Vesicles made with phospholipids containing two double bonds captured DNA twice as effectively as those with rigid membranes after repeated freeze-thaw cycles. This fusion process, driven by ice crystal formation, allowed separate compartments to mix their contents on an early Earth where organic molecules were scattered.
The earliest cell-like structures were simple lipid bubbles enclosing basic organic molecules. Modern cells are intricate systems with internal scaffolding and genetic instructions. The transition from one to the other remains a central question.

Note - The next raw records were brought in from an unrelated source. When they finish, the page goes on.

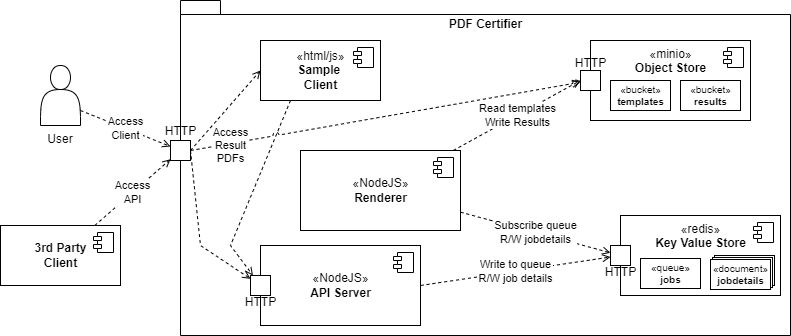

The diagram above was exported from draw.io. Its source (the exported page's mxGraphModel, read from the mxfile embedded in the PNG):
<mxGraphModel dx="677" dy="432" grid="1" gridSize="10" guides="1" tooltips="1" connect="1" arrows="1" fold="1" page="1" pageScale="1" pageWidth="827" pageHeight="1169" background="#ffffff" math="0" shadow="0">
  <root>
    <mxCell id="0" />
    <mxCell id="1" parent="0" />
    <mxCell id="eAfWEB9pLH3DkJY_7FvB-4" value="PDF Certifier" style="shape=folder;fontStyle=1;spacingTop=10;tabWidth=40;tabHeight=14;tabPosition=left;html=1;verticalAlign=top;fillColor=none;container=1;dropTarget=1;collapsible=0;recursiveResize=0;" parent="1" vertex="1">
      <mxGeometry x="190" y="205" width="610" height="335" as="geometry" />
    </mxCell>
    <mxCell id="eAfWEB9pLH3DkJY_7FvB-9" style="edgeStyle=none;rounded=0;orthogonalLoop=1;jettySize=auto;html=1;exitX=1;exitY=0.5;exitDx=0;exitDy=0;dashed=1;endArrow=open;endFill=0;" parent="eAfWEB9pLH3DkJY_7FvB-4" source="eAfWEB9pLH3DkJY_7FvB-7" target="mgLijYNDGCl1ac-9lHS6-3" edge="1">
      <mxGeometry relative="1" as="geometry">
        <Array as="points">
          <mxPoint x="20" y="245" />
        </Array>
      </mxGeometry>
    </mxCell>
    <mxCell id="eAfWEB9pLH3DkJY_7FvB-7" value="HTTP" style="html=1;labelPosition=center;verticalLabelPosition=top;align=center;verticalAlign=bottom;" parent="eAfWEB9pLH3DkJY_7FvB-4" vertex="1">
      <mxGeometry x="-10" y="140" width="20" height="20" as="geometry" />
    </mxCell>
    <mxCell id="mgLijYNDGCl1ac-9lHS6-1" value="«NodeJS»&lt;br&gt;&lt;b&gt;API Server&lt;/b&gt;" style="html=1;dropTarget=1;container=1;collapsible=0;recursiveResize=0;" parent="eAfWEB9pLH3DkJY_7FvB-4" vertex="1">
      <mxGeometry x="80" y="245" width="160" height="80" as="geometry" />
    </mxCell>
    <mxCell id="mgLijYNDGCl1ac-9lHS6-2" value="" style="shape=module;jettyWidth=8;jettyHeight=4;" parent="mgLijYNDGCl1ac-9lHS6-1" vertex="1">
      <mxGeometry x="1" width="20" height="20" relative="1" as="geometry">
        <mxPoint x="-27" y="7" as="offset" />
      </mxGeometry>
    </mxCell>
    <mxCell id="mgLijYNDGCl1ac-9lHS6-3" value="HTTP" style="html=1;labelPosition=center;verticalLabelPosition=bottom;align=center;verticalAlign=top;spacing=0;spacingTop=-5;" parent="mgLijYNDGCl1ac-9lHS6-1" vertex="1">
      <mxGeometry x="-10" y="30" width="20" height="20" as="geometry" />
    </mxCell>
    <mxCell id="mgLijYNDGCl1ac-9lHS6-4" value="«minio»&lt;br&gt;&lt;b&gt;Object Store&lt;/b&gt;" style="html=1;dropTarget=1;container=1;collapsible=0;recursiveResize=0;verticalAlign=top;" parent="eAfWEB9pLH3DkJY_7FvB-4" vertex="1">
      <mxGeometry x="410" y="40" width="160" height="80" as="geometry" />
    </mxCell>
    <mxCell id="mgLijYNDGCl1ac-9lHS6-5" value="" style="shape=module;jettyWidth=8;jettyHeight=4;" parent="mgLijYNDGCl1ac-9lHS6-4" vertex="1">
      <mxGeometry x="1" width="20" height="20" relative="1" as="geometry">
        <mxPoint x="-27" y="7" as="offset" />
      </mxGeometry>
    </mxCell>
    <mxCell id="mgLijYNDGCl1ac-9lHS6-8" value="«bucket»&lt;br style=&quot;font-size: 10px;&quot;&gt;&lt;b style=&quot;font-size: 10px;&quot;&gt;templates&lt;/b&gt;" style="html=1;fontSize=10;" parent="mgLijYNDGCl1ac-9lHS6-4" vertex="1">
      <mxGeometry x="20" y="40" width="60" height="30" as="geometry" />
    </mxCell>
    <mxCell id="mgLijYNDGCl1ac-9lHS6-24" value="«bucket»&lt;br style=&quot;font-size: 10px;&quot;&gt;&lt;b style=&quot;font-size: 10px;&quot;&gt;results&lt;/b&gt;" style="html=1;fontSize=10;" parent="mgLijYNDGCl1ac-9lHS6-4" vertex="1">
      <mxGeometry x="90" y="40" width="60" height="30" as="geometry" />
    </mxCell>
    <mxCell id="mgLijYNDGCl1ac-9lHS6-6" value="HTTP" style="html=1;labelPosition=center;verticalLabelPosition=top;align=center;verticalAlign=bottom;spacing=0;" parent="mgLijYNDGCl1ac-9lHS6-4" vertex="1">
      <mxGeometry x="-10" y="30" width="20" height="20" as="geometry" />
    </mxCell>
    <mxCell id="eAfWEB9pLH3DkJY_7FvB-1" value="Read templates&lt;br&gt;Write Results" style="rounded=0;orthogonalLoop=1;jettySize=auto;html=1;entryX=0;entryY=0.5;entryDx=0;entryDy=0;dashed=1;endArrow=open;endFill=0;" parent="eAfWEB9pLH3DkJY_7FvB-4" source="mgLijYNDGCl1ac-9lHS6-13" target="mgLijYNDGCl1ac-9lHS6-6" edge="1">
      <mxGeometry relative="1" as="geometry" />
    </mxCell>
    <mxCell id="mgLijYNDGCl1ac-9lHS6-13" value="«NodeJS»&lt;br&gt;&lt;b&gt;Renderer&lt;/b&gt;" style="html=1;dropTarget=1;container=1;collapsible=0;recursiveResize=0;" parent="eAfWEB9pLH3DkJY_7FvB-4" vertex="1">
      <mxGeometry x="120" y="150" width="160" height="80" as="geometry" />
    </mxCell>
    <mxCell id="mgLijYNDGCl1ac-9lHS6-14" value="" style="shape=module;jettyWidth=8;jettyHeight=4;" parent="mgLijYNDGCl1ac-9lHS6-13" vertex="1">
      <mxGeometry x="1" width="20" height="20" relative="1" as="geometry">
        <mxPoint x="-27" y="7" as="offset" />
      </mxGeometry>
    </mxCell>
    <mxCell id="mgLijYNDGCl1ac-9lHS6-16" value="«redis»&lt;br&gt;&lt;b&gt;Key Value Store&lt;/b&gt;" style="html=1;dropTarget=1;container=1;collapsible=0;recursiveResize=0;verticalAlign=top;" parent="eAfWEB9pLH3DkJY_7FvB-4" vertex="1">
      <mxGeometry x="440" y="215" width="160" height="80" as="geometry" />
    </mxCell>
    <mxCell id="mgLijYNDGCl1ac-9lHS6-17" value="" style="shape=module;jettyWidth=8;jettyHeight=4;" parent="mgLijYNDGCl1ac-9lHS6-16" vertex="1">
      <mxGeometry x="1" width="20" height="20" relative="1" as="geometry">
        <mxPoint x="-27" y="7" as="offset" />
      </mxGeometry>
    </mxCell>
    <mxCell id="mgLijYNDGCl1ac-9lHS6-18" value="HTTP" style="html=1;labelPosition=center;verticalLabelPosition=bottom;align=center;verticalAlign=top;spacing=0;spacingTop=-5;" parent="mgLijYNDGCl1ac-9lHS6-16" vertex="1">
      <mxGeometry x="-10" y="30" width="20" height="20" as="geometry" />
    </mxCell>
    <mxCell id="mgLijYNDGCl1ac-9lHS6-19" value="«queue»&lt;br style=&quot;font-size: 10px;&quot;&gt;&lt;b style=&quot;font-size: 10px;&quot;&gt;jobs&lt;/b&gt;" style="html=1;fontSize=10;" parent="mgLijYNDGCl1ac-9lHS6-16" vertex="1">
      <mxGeometry x="20" y="43" width="60" height="30" as="geometry" />
    </mxCell>
    <mxCell id="mgLijYNDGCl1ac-9lHS6-20" value="" style="group" parent="mgLijYNDGCl1ac-9lHS6-16" vertex="1" connectable="0">
      <mxGeometry x="90" y="40" width="64" height="34" as="geometry" />
    </mxCell>
    <mxCell id="mgLijYNDGCl1ac-9lHS6-21" value="" style="html=1;fontSize=10;" parent="mgLijYNDGCl1ac-9lHS6-20" vertex="1">
      <mxGeometry x="4" width="60" height="30" as="geometry" />
    </mxCell>
    <mxCell id="mgLijYNDGCl1ac-9lHS6-22" value="" style="html=1;fontSize=10;" parent="mgLijYNDGCl1ac-9lHS6-20" vertex="1">
      <mxGeometry x="2" y="2" width="60" height="30" as="geometry" />
    </mxCell>
    <mxCell id="mgLijYNDGCl1ac-9lHS6-23" value="«document»&lt;br style=&quot;font-size: 10px;&quot;&gt;&lt;b style=&quot;font-size: 10px;&quot;&gt;jobdetails&lt;/b&gt;" style="html=1;fontSize=10;" parent="mgLijYNDGCl1ac-9lHS6-20" vertex="1">
      <mxGeometry y="4" width="60" height="30" as="geometry" />
    </mxCell>
    <mxCell id="eAfWEB9pLH3DkJY_7FvB-3" value="Write to queue&lt;br&gt;R/W job details" style="edgeStyle=none;rounded=0;orthogonalLoop=1;jettySize=auto;html=1;exitX=1;exitY=0.5;exitDx=0;exitDy=0;dashed=1;endArrow=open;endFill=0;" parent="eAfWEB9pLH3DkJY_7FvB-4" source="mgLijYNDGCl1ac-9lHS6-1" target="mgLijYNDGCl1ac-9lHS6-18" edge="1">
      <mxGeometry relative="1" as="geometry" />
    </mxCell>
    <mxCell id="eAfWEB9pLH3DkJY_7FvB-2" value="Subscribe queue&lt;br&gt;R/W jobdetails" style="edgeStyle=none;rounded=0;orthogonalLoop=1;jettySize=auto;html=1;dashed=1;endArrow=open;endFill=0;" parent="eAfWEB9pLH3DkJY_7FvB-4" source="mgLijYNDGCl1ac-9lHS6-13" target="mgLijYNDGCl1ac-9lHS6-18" edge="1">
      <mxGeometry relative="1" as="geometry" />
    </mxCell>
    <mxCell id="iTHunn-UT6WFa5gcJXdA-1" style="rounded=0;orthogonalLoop=1;jettySize=auto;html=1;exitX=0.25;exitY=1;exitDx=0;exitDy=0;endArrow=open;dashed=1;endFill=0;" edge="1" parent="eAfWEB9pLH3DkJY_7FvB-4" source="eAfWEB9pLH3DkJY_7FvB-5" target="mgLijYNDGCl1ac-9lHS6-3">
      <mxGeometry relative="1" as="geometry">
        <Array as="points">
          <mxPoint x="50" y="245" />
        </Array>
      </mxGeometry>
    </mxCell>
    <mxCell id="eAfWEB9pLH3DkJY_7FvB-5" value="«html/js»&lt;br&gt;&lt;b&gt;Sample &lt;br&gt;Client&lt;/b&gt;" style="html=1;dropTarget=1;container=1;collapsible=0;recursiveResize=0;" parent="eAfWEB9pLH3DkJY_7FvB-4" vertex="1">
      <mxGeometry x="80" y="40" width="120" height="60" as="geometry" />
    </mxCell>
    <mxCell id="eAfWEB9pLH3DkJY_7FvB-6" value="" style="shape=module;jettyWidth=8;jettyHeight=4;" parent="eAfWEB9pLH3DkJY_7FvB-5" vertex="1">
      <mxGeometry x="1" width="20" height="20" relative="1" as="geometry">
        <mxPoint x="-27" y="7" as="offset" />
      </mxGeometry>
    </mxCell>
    <mxCell id="eAfWEB9pLH3DkJY_7FvB-8" style="edgeStyle=none;rounded=0;orthogonalLoop=1;jettySize=auto;html=1;entryX=0;entryY=0.5;entryDx=0;entryDy=0;dashed=1;endArrow=open;endFill=0;exitX=1;exitY=0.5;exitDx=0;exitDy=0;" parent="eAfWEB9pLH3DkJY_7FvB-4" source="eAfWEB9pLH3DkJY_7FvB-7" target="eAfWEB9pLH3DkJY_7FvB-5" edge="1">
      <mxGeometry relative="1" as="geometry">
        <mxPoint x="14" y="150" as="sourcePoint" />
      </mxGeometry>
    </mxCell>
    <mxCell id="eAfWEB9pLH3DkJY_7FvB-10" value="Access&lt;br&gt;Result&lt;br&gt;PDFs" style="edgeStyle=none;rounded=0;orthogonalLoop=1;jettySize=auto;html=1;exitX=1;exitY=0.5;exitDx=0;exitDy=0;dashed=1;endArrow=open;endFill=0;jumpStyle=arc;" parent="eAfWEB9pLH3DkJY_7FvB-4" source="eAfWEB9pLH3DkJY_7FvB-7" target="mgLijYNDGCl1ac-9lHS6-6" edge="1">
      <mxGeometry x="-0.7966" y="-2" relative="1" as="geometry">
        <mxPoint x="430" y="-20" as="targetPoint" />
        <mxPoint as="offset" />
      </mxGeometry>
    </mxCell>
    <mxCell id="eAfWEB9pLH3DkJY_7FvB-13" value="Access&lt;br&gt;Client" style="edgeStyle=none;rounded=0;orthogonalLoop=1;jettySize=auto;html=1;exitX=1;exitY=0.75;exitDx=0;exitDy=0;dashed=1;endArrow=open;endFill=0;" parent="1" source="eAfWEB9pLH3DkJY_7FvB-12" target="eAfWEB9pLH3DkJY_7FvB-7" edge="1">
      <mxGeometry relative="1" as="geometry" />
    </mxCell>
    <mxCell id="eAfWEB9pLH3DkJY_7FvB-12" value="User" style="shape=actor;whiteSpace=wrap;html=1;fillColor=none;labelPosition=center;verticalLabelPosition=bottom;align=center;verticalAlign=top;" parent="1" vertex="1">
      <mxGeometry x="50" y="270" width="40" height="60" as="geometry" />
    </mxCell>
    <mxCell id="eAfWEB9pLH3DkJY_7FvB-19" value="Access&lt;br&gt;API" style="edgeStyle=none;rounded=0;orthogonalLoop=1;jettySize=auto;html=1;dashed=1;endArrow=open;endFill=0;" parent="1" source="eAfWEB9pLH3DkJY_7FvB-17" target="eAfWEB9pLH3DkJY_7FvB-7" edge="1">
      <mxGeometry relative="1" as="geometry" />
    </mxCell>
    <mxCell id="eAfWEB9pLH3DkJY_7FvB-17" value="&lt;b&gt;3rd Party&lt;br&gt;Client&lt;/b&gt;" style="html=1;dropTarget=1;container=1;collapsible=0;recursiveResize=0;" parent="1" vertex="1">
      <mxGeometry x="10" y="430" width="120" height="60" as="geometry" />
    </mxCell>
    <mxCell id="eAfWEB9pLH3DkJY_7FvB-18" value="" style="shape=module;jettyWidth=8;jettyHeight=4;" parent="eAfWEB9pLH3DkJY_7FvB-17" vertex="1">
      <mxGeometry x="1" width="20" height="20" relative="1" as="geometry">
        <mxPoint x="-27" y="7" as="offset" />
      </mxGeometry>
    </mxCell>
  </root>
</mxGraphModel>

Researchers built model protocells using three types of phospholipids: POPC, PLPC, and DOPC. POPC forms rigid membranes, while PLPC and DOPC, with more unsaturated bonds, create more fluid membranes.
Tatsuya Shinoda, a doctoral student at the Earth-Life Science Institute (ELSI) and lead author:
"We used phosphatidylcholine (PC) as membrane components, owing to their chemical structural continuity with modern cells, potential availability under prebiotic conditions, and retaining ability of essential contents."
After three freeze-thaw cycles, vesicles rich in POPC clustered without merging. Those containing PLPC or DOPC fused into larger compartments. The more PLPC present, the more likely fusion occurred.
Natsumi Noda, researcher at ELSI:
"Under the stresses of ice crystal formation, membranes can become destabilized or fragmented, requiring structural reorganization upon thawing. The loosely packed lateral organization due to the higher degree of unsaturation may expose more hydrophobic regions during membrane reconstruction, facilitating interactions with adjacent vesicles and making fusion energetically favorable."
This fusion allowed the contents of separate compartments to mix, potentially bringing key ingredients together for chemical reactions. PLPC vesicles were better at trapping DNA than POPC vesicles even before the cycles, and continued to hold more DNA afterward.
The study suggests icy environments, with repeated freeze-thaw cycles over long periods, could have concentrated molecules and promoted vesicle fusion. However, fluid membranes that support fusion can also become unstable and leak during freeze-thaw stress.
For early protocells, maintaining a balance between stability and permeability was crucial. The most successful membrane compositions likely depended on environmental conditions.
Tomoaki Matsuura, Professor at ELSI and principal investigator:
"A recursive selection of F/T-induced grown vesicles across successive generations may be realized by integrating fission mechanisms such as osmotic pressure or mechanical shear. With increasing molecular complexity, the intravesicular system, i.e., gene-encoded function, ultimately may take over the protocellular fitness, consequently leading to the emergence of a primordial cell capable of Darwinian evolution."
Simple physical processes like freezing and thawing may have guided the transition from basic molecular compartments to the first evolving cells.